États-Unis: « un coup d’état pour rétablir Trump est en cours »
États-Unis: « un coup d’état pour rétablir Trump est en cours » États-Unis: « un coup d’état pour rétablir Trump est en cours »

Et maintenant ? Une nouvelle fois, Donald Trump a évité l’impeachment. Les démocrates voulaient l’empêcher de briguer un second mandat à la Maison Blanche.

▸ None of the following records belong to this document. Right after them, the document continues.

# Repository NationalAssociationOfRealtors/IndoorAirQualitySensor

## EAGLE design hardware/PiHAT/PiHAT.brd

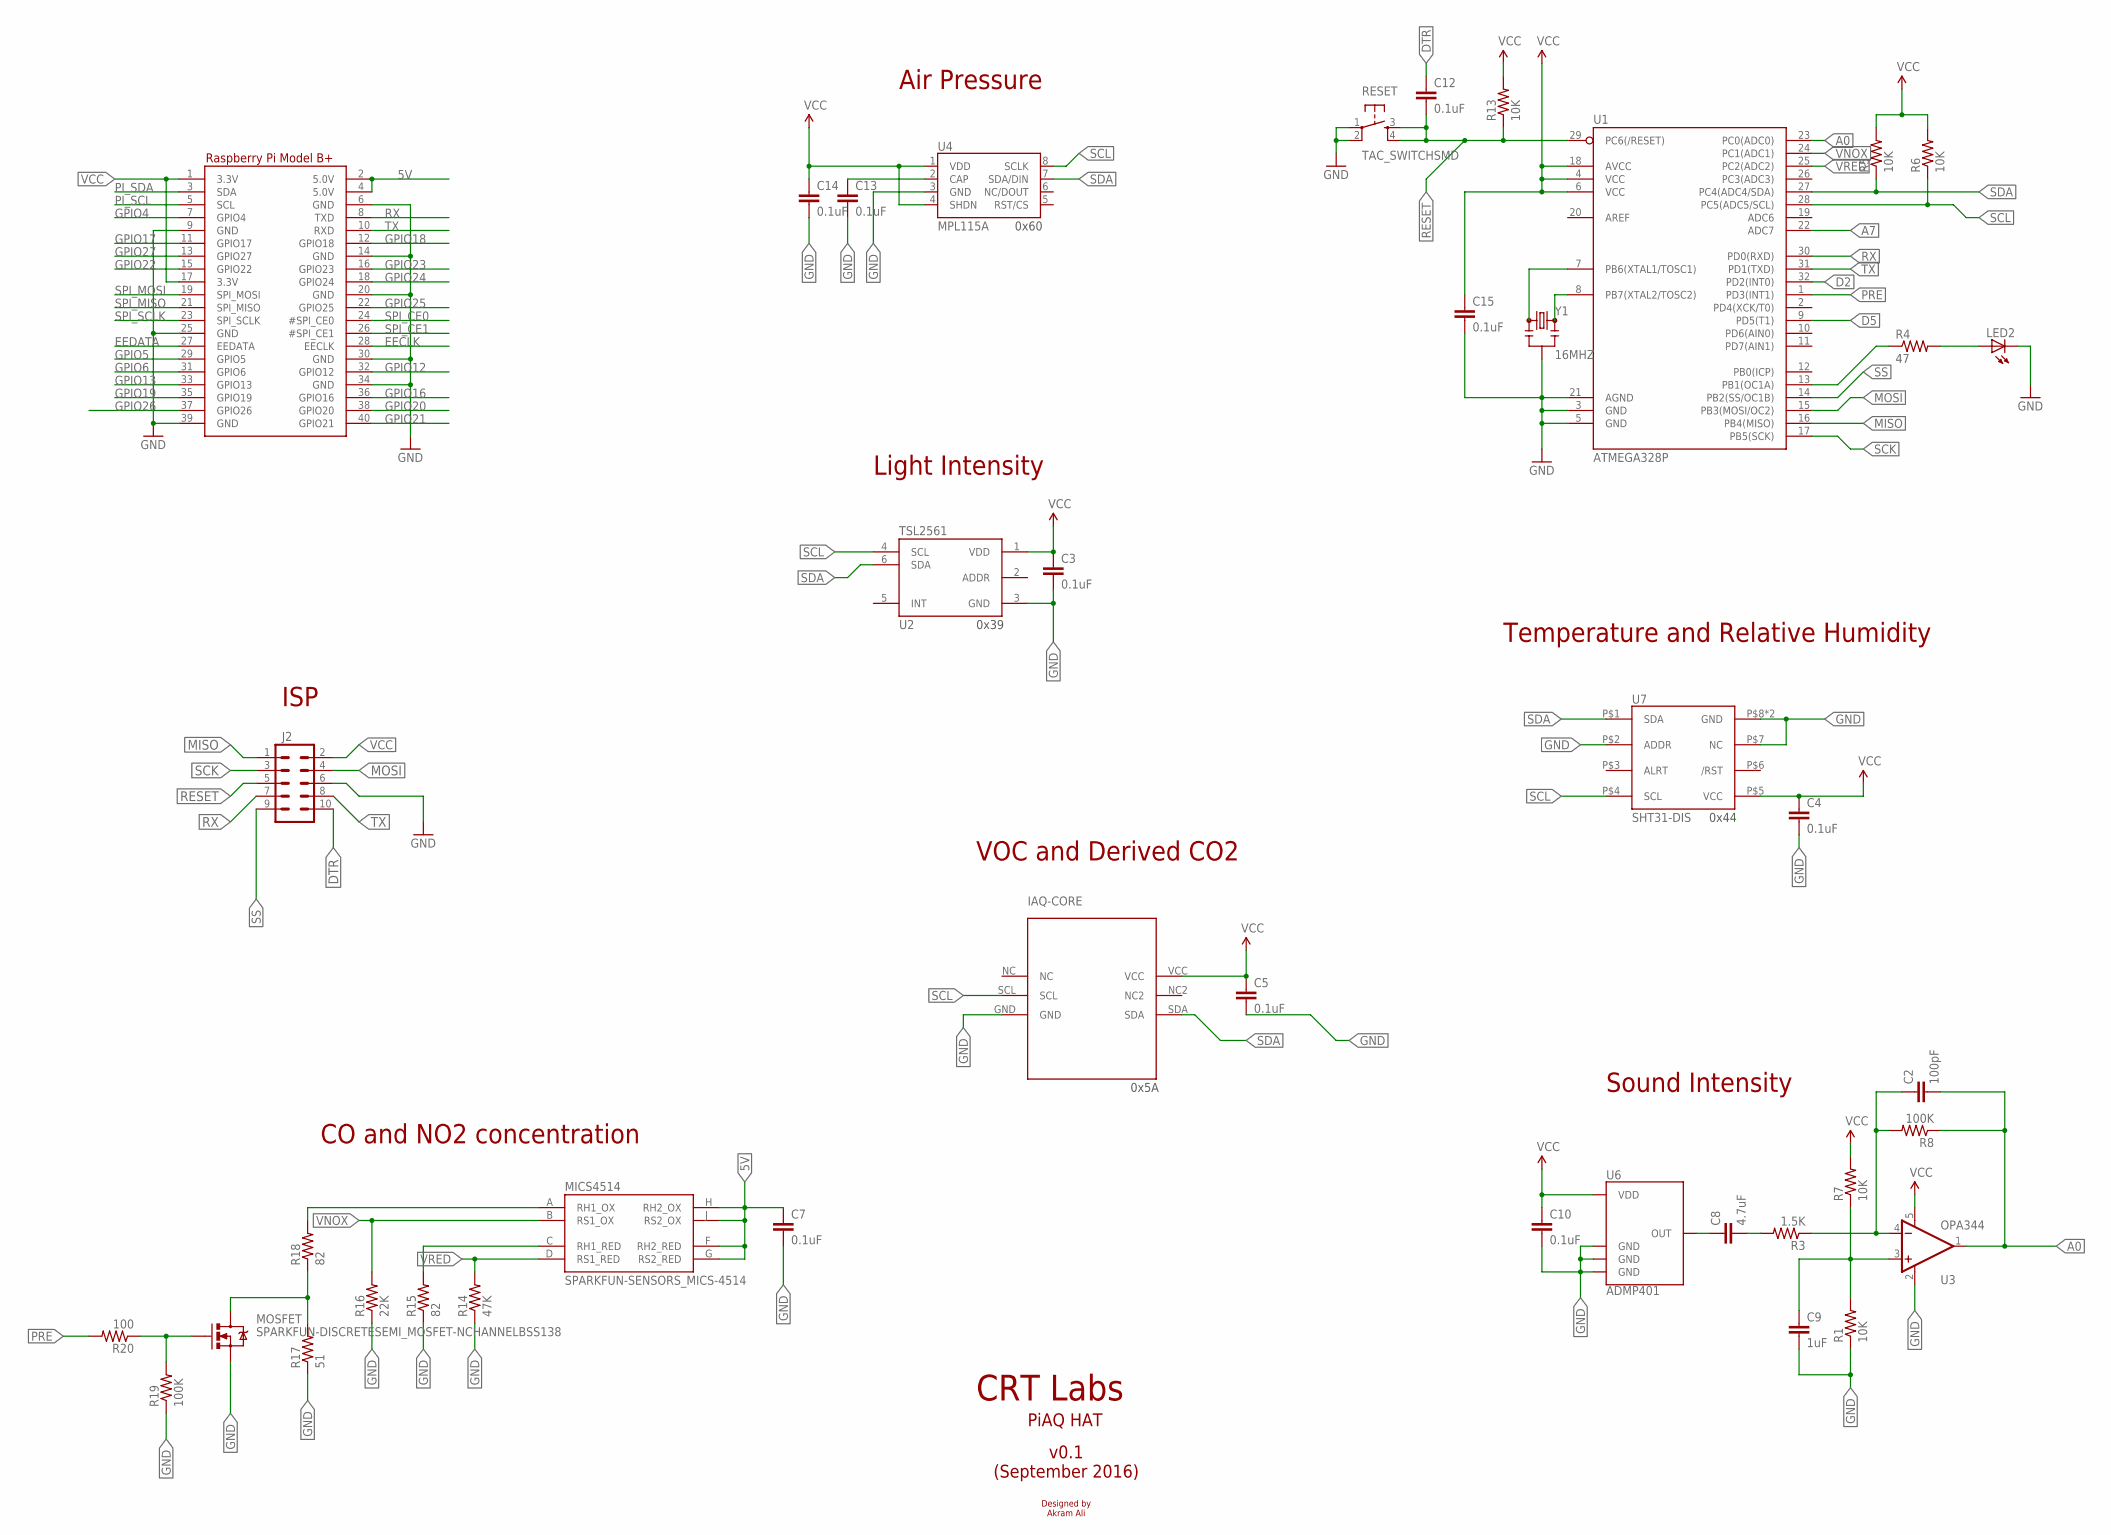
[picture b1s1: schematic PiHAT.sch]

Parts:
C2: 100pF; 0805; DIGIKEY# 311-1111-1-ND
C3, C4, C5, C7, C10, C12, C13, C14, C15: 0.1uF; 0805; DIGIKEY# 311-1088-1-ND
C8: 4.7uF; 0805; DIGIKEY# 311-1871-1-ND
C9: 1uF; 0805; DIGIKEY# 311-1365-1-ND
IAQ-CORE: IAQ-CORE; MPN IAQ CORE; DIGIKEY# IAQ-CORE C-ND
J2: M05X2PTH; AVR_ICSP; DIGIKEY# S6105-ND
LED2: LEDCHIPLED_0805; CHIPLED_0805; DIGIKEY# 475-1196-1-ND
MICS4514: SPARKFUN-SENSORS_MICS-4514; SPARKFUN-SENSORS_MICS_10-SMD
MOSFET: SPARKFUN-DISCRETESEMI_MOSFET-NCHANNELBSS138; SPARKFUN-DISCRETESEMI_SOT23-3
R1, R5, R6, R7, R13: 10K; 0805; DIGIKEY# 311-10KARCT-ND
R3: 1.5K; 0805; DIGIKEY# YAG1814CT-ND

Ils ont échoué.

Donald Trump montre un journal au titre « Acquitté »… après son premier procès en destitution, le 6 février 2020.

L’ex-président américain Donald Trump, acquitté samedi par le Sénat américain qui le jugeait pour « incitation à l’insurrection ».

Les historiens débattront longtemps de l’impact de l’assaut du 6 janvier contre le Capitole et de l’étrange procès qui a suivi sur la démocratie américaine. Mais à court et moyen terme cet acquittement ouvre des perspectives à l’ex-président républicain.

D’emblée, il a d’ailleurs déclaré : « Dans les mois à venir, j’aurai beaucoup de choses à partager avec vous et suis impatient de continuer notre incroyable aventure pour la grandeur de l’Amérique ».

« Notre mouvement magnifique, historique et patriotique, Make America Great Again, ne fait que commencer », a-t-il ajouté.

Le 6 janvier reste un handicap

Mais l’équation, qui a fonctionné pendant ses quatre années au pouvoir, est devenue plus compliquée depuis la sombre journée du 6 janvier et les violences perpétrées par ses partisans.

Nombre de responsables républicains ont pris leurs distances, ce qui constitue un handicap de taille en vue d’une éventuelle reconquête même si sa capacité à galvaniser les foules reste atout de poids.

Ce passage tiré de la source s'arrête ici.